Even if data is accurate and well maintained, the quality of analytic models can vary widely.
Often open-source platforms such as GitHub pull together and repurpose models for a particular task. Before long, everybody forgets where it came from or how it is evaluating a particular dataset.
Lapses like these are more common than you’d think and can cause serious damage. As models become more sophisticated and incorporate more sources, we’re also increasingly seeing bigger problems with model training.
One of the most common errors is overfitting, which basically means the more variables you use to create a model, the harder it gets to make it generally valid. In some cases, excess data can result in data leakage in which training data mixes with testing data.
These types of errors can plague even the most sophisticated firms. As we do with data, we need to constantly ask difficult questions of our models.
Are they suited to the purpose we’re using them for? Are they taking the right factors into account? Does the output truly reflect what’s going on in the real world?
“Increasingly, we need to audit our data dealings with as much care as we do our financial transactions.”
- What does the data not tell us?
Data models, just like humans, tend to base judgments on the information most available.
Sometimes, the data you don’t have can affect your decision making as much as the data you do have. We commonly associate this type of availability bias with human decisions, but often human designers pass it on to automated systems.
For instance, in the financial industry, those who have extensive credit histories can access credit much easier than those who don’t. The latter, often referred to as “thin-file” clients, can find it difficult to buy a car, rent an apartment or get a credit card.
Yet a thin file doesn’t necessarily indicate a poor credit risk. Firms often end up turning away potentially profitable customers simply because they lack data on them.
Experian recently began to address this problem with its Boost program, which allows consumers to raise their scores by giving them credit for things like regular telecom and utility payments. To date, millions have signed up.
So it’s important to ask hard questions about what your data model might be missing. If you are managing what you measure, you need to ensure what you are measuring reflects the real world, not just the data that’s easiest to collect.
“We often call data the new oil, but it’s far more valuable. We need to start treating data as more than a passive asset class.”
- How can we use data to redesign products and business models?
During the past decade, we’ve learned how data can help us run our businesses more efficiently.
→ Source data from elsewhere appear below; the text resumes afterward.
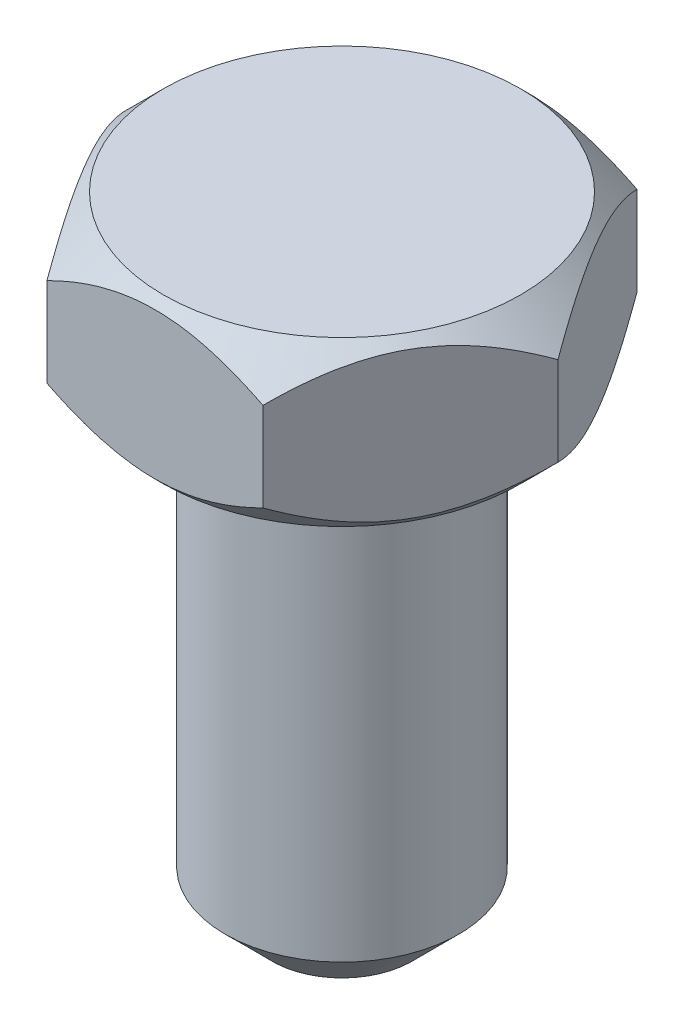
ISO-10303-21;
HEADER;
FILE_DESCRIPTION(('STEP AP214'),'2;1');
FILE_NAME('part.step','',(''),(''),'','','');
FILE_SCHEMA(('AUTOMOTIVE_DESIGN { 1 0 10303 214 1 1 1 1 }'));
ENDSEC;
DATA;
#1=APPLICATION_CONTEXT('core data for automotive mechanical design processes');
#2=APPLICATION_PROTOCOL_DEFINITION('international standard','automotive_design',2000,#1);
#3=PRODUCT_CONTEXT('',#1,'mechanical');
#4=PRODUCT('Part','Part','',(#3));
#5=PRODUCT_RELATED_PRODUCT_CATEGORY('part','',(#4));
#6=PRODUCT_DEFINITION_FORMATION('','',#4);
#7=PRODUCT_DEFINITION_CONTEXT('part definition',#1,'design');
#8=PRODUCT_DEFINITION('design','',#6,#7);
#9=PRODUCT_DEFINITION_SHAPE('','',#8);
#10=(LENGTH_UNIT() NAMED_UNIT(*) SI_UNIT(.MILLI.,.METRE.));
#11=(NAMED_UNIT(*) PLANE_ANGLE_UNIT() SI_UNIT($,.RADIAN.));
#12=(NAMED_UNIT(*) SI_UNIT($,.STERADIAN.) SOLID_ANGLE_UNIT());
#13=UNCERTAINTY_MEASURE_WITH_UNIT(LENGTH_MEASURE(1.E-05),#10,'distance_accuracy_value','');
#14=(GEOMETRIC_REPRESENTATION_CONTEXT(3) GLOBAL_UNCERTAINTY_ASSIGNED_CONTEXT((#13)) GLOBAL_UNIT_ASSIGNED_CONTEXT((#10,
#11,#12)) REPRESENTATION_CONTEXT('',''));
#15=CARTESIAN_POINT('',(0.,0.,0.));
#16=DIRECTION('',(0.,0.,1.));
#17=DIRECTION('',(1.,0.,0.));
#18=AXIS2_PLACEMENT_3D('',#15,#16,#17);
#19=CARTESIAN_POINT('',(-4.61880215351701,-3.5,0.));
#20=DIRECTION('',(0.,1.,0.));
#21=DIRECTION('',(0.,0.,1.));
#22=AXIS2_PLACEMENT_3D('',#19,#20,#21);
#23=PLANE('',#22);
#24=CARTESIAN_POINT('',(0.,-3.5,0.));
#25=DIRECTION('',(0.,1.,0.));
#26=DIRECTION('',(0.,0.,1.));
#27=AXIS2_PLACEMENT_3D('',#24,#25,#26);
#28=CIRCLE('',#27,3.81880215351701);
#29=CARTESIAN_POINT('',(0.,-3.5,3.81880215351701));
#30=VERTEX_POINT('',#29);
#31=EDGE_CURVE('E101',#30,#30,#28,.T.);
#32=ORIENTED_EDGE('',*,*,#31,.F.);
#33=EDGE_LOOP('',(#32));
#34=FACE_BOUND('',#33,.T.);
#35=CARTESIAN_POINT('',(0.,-3.5,0.));
#36=DIRECTION('',(0.,1.,0.));
#37=DIRECTION('',(0.,0.,1.));
#38=AXIS2_PLACEMENT_3D('',#35,#36,#37);
#39=CIRCLE('',#38,2.5);
#40=CARTESIAN_POINT('',(0.,-3.5,2.5));
#41=VERTEX_POINT('',#40);
#42=EDGE_CURVE('E116',#41,#41,#39,.F.);
#43=ORIENTED_EDGE('',*,*,#42,.F.);
#44=EDGE_LOOP('',(#43));
#45=FACE_BOUND('',#44,.T.);
#46=ADVANCED_FACE('F28',(#34,#45),#23,.F.);
#47=CARTESIAN_POINT('',(0.,-13.5,0.));
#48=DIRECTION('',(0.,1.,0.));
#49=DIRECTION('',(0.,0.,1.));
#50=AXIS2_PLACEMENT_3D('',#47,#48,#49);
#51=CYLINDRICAL_SURFACE('',#50,2.5);
#52=CARTESIAN_POINT('',(0.,-12.5,0.));
#53=DIRECTION('',(0.,-1.,0.));
#54=DIRECTION('',(0.,0.,-1.));
#55=AXIS2_PLACEMENT_3D('',#52,#53,#54);
#56=CIRCLE('',#55,2.5);
#57=CARTESIAN_POINT('',(0.,-12.5,-2.5));
#58=VERTEX_POINT('',#57);
#59=EDGE_CURVE('E41',#58,#58,#56,.F.);
#60=ORIENTED_EDGE('',*,*,#59,.T.);
#61=EDGE_LOOP('',(#60));
#62=FACE_BOUND('',#61,.T.);
#63=ORIENTED_EDGE('',*,*,#42,.T.);
#64=EDGE_LOOP('',(#63));
#65=FACE_BOUND('',#64,.T.);
#66=ADVANCED_FACE('F125',(#62,#65),#51,.T.);
#67=CARTESIAN_POINT('',(0.,-13.5,0.));
#68=DIRECTION('',(0.,-1.,0.));
#69=DIRECTION('',(0.,0.,-1.));
#70=AXIS2_PLACEMENT_3D('',#67,#68,#69);
#71=PLANE('',#70);
#72=CARTESIAN_POINT('',(0.,-13.5,0.));
#73=DIRECTION('',(0.,-1.,0.));
#74=DIRECTION('',(0.,0.,-1.));
#75=AXIS2_PLACEMENT_3D('',#72,#73,#74);
#76=CIRCLE('',#75,1.5);
#77=CARTESIAN_POINT('',(0.,-13.5,-1.5));
#78=VERTEX_POINT('',#77);
#79=EDGE_CURVE('E119',#78,#78,#76,.T.);
#80=ORIENTED_EDGE('',*,*,#79,.T.);
#81=EDGE_LOOP('',(#80));
#82=FACE_BOUND('',#81,.T.);
#83=ADVANCED_FACE('F131',(#82),#71,.T.);
#84=CARTESIAN_POINT('',(0.,-13.5,0.));
#85=DIRECTION('',(0.,1.,0.));
#86=DIRECTION('',(0.,0.,1.));
#87=AXIS2_PLACEMENT_3D('',#84,#85,#86);
#88=CONICAL_SURFACE('',#87,1.5,0.785398163397446);
#89=ORIENTED_EDGE('',*,*,#59,.F.);
#90=EDGE_LOOP('',(#89));
#91=FACE_BOUND('',#90,.T.);
#92=ORIENTED_EDGE('',*,*,#79,.F.);
#93=EDGE_LOOP('',(#92));
#94=FACE_BOUND('',#93,.T.);
#95=ADVANCED_FACE('F128',(#91,#94),#88,.T.);
#96=CARTESIAN_POINT('',(0.,-3.5,0.));
#97=DIRECTION('',(0.,1.,0.));
#98=DIRECTION('',(0.,0.,1.));
#99=AXIS2_PLACEMENT_3D('',#96,#97,#98);
#100=CONICAL_SURFACE('',#99,3.81880215351701,0.785398163397448);
#101=CARTESIAN_POINT('',(-4.61891762357085,-2.69988452561614,0.000200000000027756));
#102=CARTESIAN_POINT('',(-4.57920690352857,-2.73959114404244,-0.068580984718356));
#103=CARTESIAN_POINT('',(-4.53919230356692,-2.77807958288685,-0.137888304896475));
#104=CARTESIAN_POINT('',(-4.45849274714728,-2.8522487762645,-0.277664036763568));
#105=CARTESIAN_POINT('',(-4.41780743901014,-2.88792799726836,-0.348133057578679));
#106=CARTESIAN_POINT('',(-4.29427352009149,-2.99049913234901,-0.562100081603879));
#107=CARTESIAN_POINT('',(-4.21037499527408,-3.05248688898744,-0.707416589267722));
#108=CARTESIAN_POINT('',(-4.04121970302445,-3.1586441309906,-1.00040214981323));
#109=CARTESIAN_POINT('',(-3.95600566300933,-3.20308094454657,-1.14799719663762));
#110=CARTESIAN_POINT('',(-3.78369592639709,-3.27155101787056,-1.44644641508885));
#111=CARTESIAN_POINT('',(-3.6966055069617,-3.29563536213871,-1.59729144640342));
#112=CARTESIAN_POINT('',(-3.54650860589272,-3.31736511913948,-1.85726690511355));
#113=CARTESIAN_POINT('',(-3.48369550790706,-3.32058108535916,-1.96606238220551));
#114=CARTESIAN_POINT('',(-3.35817126167379,-3.31515994177501,-2.18347675426331));
#115=CARTESIAN_POINT('',(-3.29546015687919,-3.30651867682818,-2.29209557396634));
#116=CARTESIAN_POINT('',(-3.17063214810082,-3.27787596150358,-2.50830402737814));
#117=CARTESIAN_POINT('',(-3.10851598784037,-3.25786180544875,-2.61589237292032));
#118=CARTESIAN_POINT('',(-2.98535047827865,-3.20756584263536,-2.82922129322133));
#119=CARTESIAN_POINT('',(-2.92430104755975,-3.17728482312165,-2.93496200899963));
#120=CARTESIAN_POINT('',(-2.81592361944285,-3.11498474730579,-3.12267722089175));
#121=CARTESIAN_POINT('',(-2.76835567444983,-3.08460372013991,-3.2050673184313));
#122=CARTESIAN_POINT('',(-2.67407371522763,-3.01894553543967,-3.36836846204128));
#123=CARTESIAN_POINT('',(-2.6273597270248,-2.98366822896023,-3.44927946303275));
#124=CARTESIAN_POINT('',(-2.53493285809128,-2.90900831297909,-3.60936749601013));
#125=CARTESIAN_POINT('',(-2.48921734857499,-2.86963861299641,-3.68854908118623));
#126=CARTESIAN_POINT('',(-2.39863292742736,-2.78731089185671,-3.84544590098815));
#127=CARTESIAN_POINT('',(-2.35376351682289,-2.74435507219806,-3.92316199986076));
#128=CARTESIAN_POINT('',(-2.30928560670467,-2.69988452561615,-4.0002));
#129=B_SPLINE_CURVE_WITH_KNOTS('',3,(#101,#102,#103,#104,#105,#106,#107,#108,#109,#110,#111,
#112,#113,#114,#115,#116,#117,#118,#119,#120,#121,#122,#123,#124,#125,#126,#127,#128),
.UNSPECIFIED.,.F.,.F.,(4,2,2,2,2,2,2,2,2,2,2,2,2,4),(0.,0.266361961703665,0.532868334400115,
1.06875865685463,1.59613884594052,2.12219135055581,2.49866160599659,2.87526382203495,
3.25228760372077,3.62928248242858,3.92874944437162,4.22822551811347,4.52678401907576,
4.82516056577924),.UNSPECIFIED.);
#130=CARTESIAN_POINT('',(-4.61880215351702,-2.7,0.));
#131=VERTEX_POINT('',#130);
#132=CARTESIAN_POINT('',(-2.30940107675852,-2.7,-4.));
#133=VERTEX_POINT('',#132);
#134=EDGE_CURVE('E176',#131,#133,#129,.T.);
#135=ORIENTED_EDGE('',*,*,#134,.T.);
#136=CARTESIAN_POINT('',(-4.74669494328341,-1.11145868915222,-4.));
#137=CARTESIAN_POINT('',(-4.63173073558873,-1.1993508654303,-4.));
#138=CARTESIAN_POINT('',(-4.51613887537967,-1.28643511858206,-4.));
#139=CARTESIAN_POINT('',(-4.28344630120931,-1.45862113364621,-4.));
#140=CARTESIAN_POINT('',(-4.16634522978712,-1.54372241196675,-4.));
#141=CARTESIAN_POINT('',(-3.92952428886011,-1.71218153620796,-4.));
#142=CARTESIAN_POINT('',(-3.80979117395059,-1.79552082328341,-4.));
#143=CARTESIAN_POINT('',(-3.56831834415258,-1.95922999490112,-4.));
#144=CARTESIAN_POINT('',(-3.44657876940923,-2.03960008557233,-4.));
#145=CARTESIAN_POINT('',(-3.19323146896135,-2.20151222850148,-4.));
#146=CARTESIAN_POINT('',(-3.06147610302173,-2.28282442900108,-4.));
#147=CARTESIAN_POINT('',(-2.79487655444763,-2.44030225958758,-4.));
#148=CARTESIAN_POINT('',(-2.6600318671341,-2.51646704063563,-4.));
#149=CARTESIAN_POINT('',(-2.38723344772492,-2.66202065614541,-4.));
#150=CARTESIAN_POINT('',(-2.24929042181595,-2.73142939927244,-4.));
#151=CARTESIAN_POINT('',(-1.96955020070889,-2.86191616592764,-4.));
#152=CARTESIAN_POINT('',(-1.82775483658784,-2.92299806703933,-4.));
#153=CARTESIAN_POINT('',(-1.55337254847197,-3.02945404139103,-4.));
#154=CARTESIAN_POINT('',(-1.4211506740557,-3.07575938281105,-4.));
#155=CARTESIAN_POINT('',(-1.153400475509,-3.15777962167409,-4.));
#156=CARTESIAN_POINT('',(-1.01787193595579,-3.19349382712074,-4.));
#157=CARTESIAN_POINT('',(-0.746641513502644,-3.25182748471192,-4.));
#158=CARTESIAN_POINT('',(-0.610990636137922,-3.27468015045871,-4.));
#159=CARTESIAN_POINT('',(-0.338082766934168,-3.30682458453426,-4.));
#160=CARTESIAN_POINT('',(-0.200826093272512,-3.31611899495528,-4.));
#161=CARTESIAN_POINT('',(0.0682725110831627,-3.32038918600646,-4.));
#162=CARTESIAN_POINT('',(0.200105501326917,-3.31593690851227,-4.));
#163=CARTESIAN_POINT('',(0.462709681486531,-3.29425661019797,-4.));
#164=CARTESIAN_POINT('',(0.593480771402084,-3.27702739994749,-4.));
#165=CARTESIAN_POINT('',(0.855228740743153,-3.23046292068837,-4.));
#166=CARTESIAN_POINT('',(0.986167438767936,-3.20091656435704,-4.));
#167=CARTESIAN_POINT('',(1.24517252052895,-3.13133537173076,-4.));
#168=CARTESIAN_POINT('',(1.37323909358621,-3.09130122897531,-4.));
#169=CARTESIAN_POINT('',(1.6350146777751,-2.99940176499948,-4.));
#170=CARTESIAN_POINT('',(1.76850120421469,-2.94690960373252,-4.));
#171=CARTESIAN_POINT('',(2.03203083305245,-2.83383048639002,-4.));
#172=CARTESIAN_POINT('',(2.16207233412168,-2.77323984239489,-4.));
#173=CARTESIAN_POINT('',(2.41933252641898,-2.64540192173417,-4.));
#174=CARTESIAN_POINT('',(2.54654088208384,-2.57813401413965,-4.));
#175=CARTESIAN_POINT('',(2.79803896567839,-2.43842389721416,-4.));
#176=CARTESIAN_POINT('',(2.9223291435755,-2.36598249266423,-4.));
#177=CARTESIAN_POINT('',(3.16228713945874,-2.22062527401129,-4.));
#178=CARTESIAN_POINT('',(3.27807727928803,-2.14791032425798,-4.));
#179=CARTESIAN_POINT('',(3.5076685919422,-1.99939622591037,-4.));
#180=CARTESIAN_POINT('',(3.62146961421383,-1.92359684529293,-4.));
#181=CARTESIAN_POINT('',(3.84642549416774,-1.77008416558951,-4.));
#182=CARTESIAN_POINT('',(3.95759428564676,-1.69239121161213,-4.));
#183=CARTESIAN_POINT('',(4.17840845706007,-1.53493086471948,-4.));
#184=CARTESIAN_POINT('',(4.28805424827146,-1.4551640492307,-4.));
#185=CARTESIAN_POINT('',(4.39706149639085,-1.37454864251642,-4.));
#186=B_SPLINE_CURVE_WITH_KNOTS('',3,(#136,#137,#138,#139,#140,#141,#142,#143,#144,#145,#146,
#147,#148,#149,#150,#151,#152,#153,#154,#155,#156,#157,#158,#159,#160,#161,#162,#163,#164,#165,
#166,#167,#168,#169,#170,#171,#172,#173,#174,#175,#176,#177,#178,#179,#180,#181,#182,#183,#184,
#185),.UNSPECIFIED.,.F.,.F.,(4,2,2,2,2,2,2,2,2,2,2,2,2,2,2,2,2,2,2,2,2,2,2,2,4),(0.,
0.434146668569334,0.868398128074756,1.30600593465858,1.74358330412151,2.20796839055966,
2.672429888782,3.13547841811301,3.59831057635038,4.01823322720891,4.43818330864351,
4.85025065344053,5.26223768809276,5.65731799923051,6.05243509380702,6.45462166461373,
6.85678164621651,7.28676033389218,7.71693549838636,8.1484838030882,8.57996512242888,
8.9900948031474,9.4002553926905,9.80711077786197,10.2138540702172),.UNSPECIFIED.);
#187=CARTESIAN_POINT('',(2.3094010767585,-2.7,-4.00000000000002));
#188=VERTEX_POINT('',#187);
#189=EDGE_CURVE('E170',#133,#188,#186,.T.);
#190=ORIENTED_EDGE('',*,*,#189,.T.);
#191=CARTESIAN_POINT('',(2.30928560670467,-2.69988452561615,-4.0002));
#192=CARTESIAN_POINT('',(2.34899632674695,-2.73959114404245,-3.93141901528162));
#193=CARTESIAN_POINT('',(2.3890109267086,-2.77807958288686,-3.8621116951035));
#194=CARTESIAN_POINT('',(2.46971048312824,-2.8522487762645,-3.72233596323641));
#195=CARTESIAN_POINT('',(2.51039579126538,-2.88792799726837,-3.6518669424213));
#196=CARTESIAN_POINT('',(2.63392971018403,-2.99049913234902,-3.4378999183961));
#197=CARTESIAN_POINT('',(2.71782823500144,-3.05248688898745,-3.29258341073225));
#198=CARTESIAN_POINT('',(2.88698352725107,-3.15864413099061,-2.99959785018675));
#199=CARTESIAN_POINT('',(2.97219756726618,-3.20308094454657,-2.85200280336236));
#200=CARTESIAN_POINT('',(3.14450730387843,-3.27155101787056,-2.55355358491113));
#201=CARTESIAN_POINT('',(3.23159772331381,-3.29563536213871,-2.40270855359656));
#202=CARTESIAN_POINT('',(3.3816946243828,-3.31736511913948,-2.14273309488644));
#203=CARTESIAN_POINT('',(3.44450772236846,-3.32058108535916,-2.03393761779447));
#204=CARTESIAN_POINT('',(3.57003196860172,-3.31515994177501,-1.81652324573667));
#205=CARTESIAN_POINT('',(3.63274307339633,-3.30651867682818,-1.70790442603365));
#206=CARTESIAN_POINT('',(3.7575710821747,-3.27787596150358,-1.49169597262185));
#207=CARTESIAN_POINT('',(3.81968724243514,-3.25786180544875,-1.38410762707967));
#208=CARTESIAN_POINT('',(3.94285275199687,-3.20756584263536,-1.17077870677866));
#209=CARTESIAN_POINT('',(4.00390218271577,-3.17728482312165,-1.06503799100036));
#210=CARTESIAN_POINT('',(4.11227961083267,-3.11498474730579,-0.877322779108241));
#211=CARTESIAN_POINT('',(4.15984755582569,-3.08460372013991,-0.794932681568691));
#212=CARTESIAN_POINT('',(4.25412951504789,-3.01894553543967,-0.631631537958703));
#213=CARTESIAN_POINT('',(4.30084350325072,-2.98366822896023,-0.550720536967234));
#214=CARTESIAN_POINT('',(4.39327037218424,-2.90900831297908,-0.39063250398986));
#215=CARTESIAN_POINT('',(4.43898588170053,-2.86963861299641,-0.311450918813753));
#216=CARTESIAN_POINT('',(4.52957030284816,-2.78731089185671,-0.154554099011833));
#217=CARTESIAN_POINT('',(4.57443971345263,-2.74435507219805,-0.0768380001392213));
#218=CARTESIAN_POINT('',(4.61891762357085,-2.69988452561614,0.000200000000015641));
#219=B_SPLINE_CURVE_WITH_KNOTS('',3,(#191,#192,#193,#194,#195,#196,#197,#198,#199,#200,#201,
#202,#203,#204,#205,#206,#207,#208,#209,#210,#211,#212,#213,#214,#215,#216,#217,#218),
.UNSPECIFIED.,.F.,.F.,(4,2,2,2,2,2,2,2,2,2,2,2,2,4),(0.,0.266361961703664,0.532868334400111,
1.06875865685462,1.5961388459405,2.1221913505558,2.49866160599657,2.87526382203494,
3.25228760372076,3.62928248242857,3.92874944437161,4.22822551811345,4.52678401907575,
4.82516056577923),.UNSPECIFIED.);
#220=CARTESIAN_POINT('',(4.61880215351701,-2.7,0.));
#221=VERTEX_POINT('',#220);
#222=EDGE_CURVE('E89',#188,#221,#219,.T.);
#223=ORIENTED_EDGE('',*,*,#222,.T.);
#224=CARTESIAN_POINT('',(4.61891762357085,-2.69988452561614,-0.000199999999985046));
#225=CARTESIAN_POINT('',(4.57920690352856,-2.73959114404244,0.0685809847183984));
#226=CARTESIAN_POINT('',(4.53919230356692,-2.77807958288685,0.137888304896517));
#227=CARTESIAN_POINT('',(4.45849274714727,-2.8522487762645,0.277664036763609));
#228=CARTESIAN_POINT('',(4.41780743901014,-2.88792799726836,0.34813305757872));
#229=CARTESIAN_POINT('',(4.29427352009149,-2.99049913234901,0.562100081603918));
#230=CARTESIAN_POINT('',(4.21037499527407,-3.05248688898745,0.707416589267761));
#231=CARTESIAN_POINT('',(4.04121970302444,-3.15864413099061,1.00040214981327));
#232=CARTESIAN_POINT('',(3.95600566300932,-3.20308094454657,1.14799719663766));
#233=CARTESIAN_POINT('',(3.78369592639707,-3.27155101787056,1.44644641508888));
#234=CARTESIAN_POINT('',(3.69660550696169,-3.29563536213871,1.59729144640345));
#235=CARTESIAN_POINT('',(3.5465086058927,-3.31736511913948,1.85726690511358));
#236=CARTESIAN_POINT('',(3.48369550790704,-3.32058108535916,1.96606238220554));
#237=CARTESIAN_POINT('',(3.35817126167377,-3.31515994177501,2.18347675426334));
#238=CARTESIAN_POINT('',(3.29546015687917,-3.30651867682818,2.29209557396637));
#239=CARTESIAN_POINT('',(3.1706321481008,-3.27787596150358,2.50830402737817));
#240=CARTESIAN_POINT('',(3.10851598784035,-3.25786180544875,2.61589237292034));
#241=CARTESIAN_POINT('',(2.98535047827863,-3.20756584263536,2.82922129322135));
#242=CARTESIAN_POINT('',(2.92430104755973,-3.17728482312165,2.93496200899965));
#243=CARTESIAN_POINT('',(2.81592361944282,-3.11498474730579,3.12267722089177));
#244=CARTESIAN_POINT('',(2.76835567444981,-3.08460372013991,3.20506731843132));
#245=CARTESIAN_POINT('',(2.67407371522761,-3.01894553543968,3.3683684620413));
#246=CARTESIAN_POINT('',(2.62735972702478,-2.98366822896024,3.44927946303277));
#247=CARTESIAN_POINT('',(2.53493285809126,-2.90900831297909,3.60936749601014));
#248=CARTESIAN_POINT('',(2.48921734857497,-2.86963861299642,3.68854908118624));
#249=CARTESIAN_POINT('',(2.39863292742734,-2.78731089185672,3.84544590098816));
#250=CARTESIAN_POINT('',(2.35376351682287,-2.74435507219807,3.92316199986077));
#251=CARTESIAN_POINT('',(2.30928560670465,-2.69988452561616,4.0002));
#252=B_SPLINE_CURVE_WITH_KNOTS('',3,(#224,#225,#226,#227,#228,#229,#230,#231,#232,#233,#234,
#235,#236,#237,#238,#239,#240,#241,#242,#243,#244,#245,#246,#247,#248,#249,#250,#251),
.UNSPECIFIED.,.F.,.F.,(4,2,2,2,2,2,2,2,2,2,2,2,2,4),(0.,0.266361961703665,0.532868334400114,
1.06875865685463,1.59613884594051,2.12219135055581,2.49866160599659,2.87526382203495,
3.25228760372077,3.62928248242858,3.92874944437161,4.22822551811345,4.52678401907573,
4.82516056577921),.UNSPECIFIED.);
#253=CARTESIAN_POINT('',(2.30940107675852,-2.7,4.));
#254=VERTEX_POINT('',#253);
#255=EDGE_CURVE('E85',#221,#254,#252,.T.);
#256=ORIENTED_EDGE('',*,*,#255,.T.);
#257=CARTESIAN_POINT('',(-4.74669494331183,-1.11145868913049,4.));
#258=CARTESIAN_POINT('',(-4.63173073561633,-1.19935086540941,4.));
#259=CARTESIAN_POINT('',(-4.51613887540645,-1.28643511856201,4.));
#260=CARTESIAN_POINT('',(-4.28344630123446,-1.45862113362783,4.));
#261=CARTESIAN_POINT('',(-4.16634522981144,-1.5437224119492,4.));
#262=CARTESIAN_POINT('',(-3.92952428888276,-1.71218153619209,4.));
#263=CARTESIAN_POINT('',(-3.80979117397239,-1.79552082326838,4.));
#264=CARTESIAN_POINT('',(-3.56831834417267,-1.95922999488776,4.));
#265=CARTESIAN_POINT('',(-3.44657876942845,-2.03960008555979,4.));
#266=CARTESIAN_POINT('',(-3.1932314689787,-2.20151222849066,4.));
#267=CARTESIAN_POINT('',(-3.06147610303807,-2.28282442899116,4.));
#268=CARTESIAN_POINT('',(-2.79487655446192,-2.4403022595794,4.));
#269=CARTESIAN_POINT('',(-2.66003186714736,-2.51646704062831,4.));
#270=CARTESIAN_POINT('',(-2.38723344773605,-2.66202065613972,4.));
#271=CARTESIAN_POINT('',(-2.24929042182601,-2.73142939926754,4.));
#272=CARTESIAN_POINT('',(-1.96955020071673,-2.8619161659242,4.));
#273=CARTESIAN_POINT('',(-1.82775483659454,-2.92299806703658,4.));
#274=CARTESIAN_POINT('',(-1.55337254847819,-3.02945404138876,4.));
#275=CARTESIAN_POINT('',(-1.42115067406264,-3.07575938280871,4.));
#276=CARTESIAN_POINT('',(-1.15340047551737,-3.15777962167175,4.));
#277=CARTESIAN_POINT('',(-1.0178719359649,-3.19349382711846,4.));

Using data intelligently allows us to automate processes, predict when our machines need maintenance and serve our customers better.
Data can also become an important part of the product itself. To take one famous example, Netflix has long used smart data analytics to create better programming for less money. Yet where it gets really exciting is when you can use data to completely re-imagine your business.
At Experian, they’ve been able to leverage the cloud to shift from only delivering processed data in the form of credit reports to a service that offers its customers real-time access to more granular data that the reports are based on. That may seem like a subtle shift, but it’s become one of the fastest-growing parts of Experian’s business.
We often call data the new oil, but it’s far more valuable. We need to start treating data as more than a passive asset class.
If used wisely, it can offer a true competitive edge and take a business in completely new directions. To achieve that, however, you can’t start merely looking for answers. You have to learn how to ask new questions.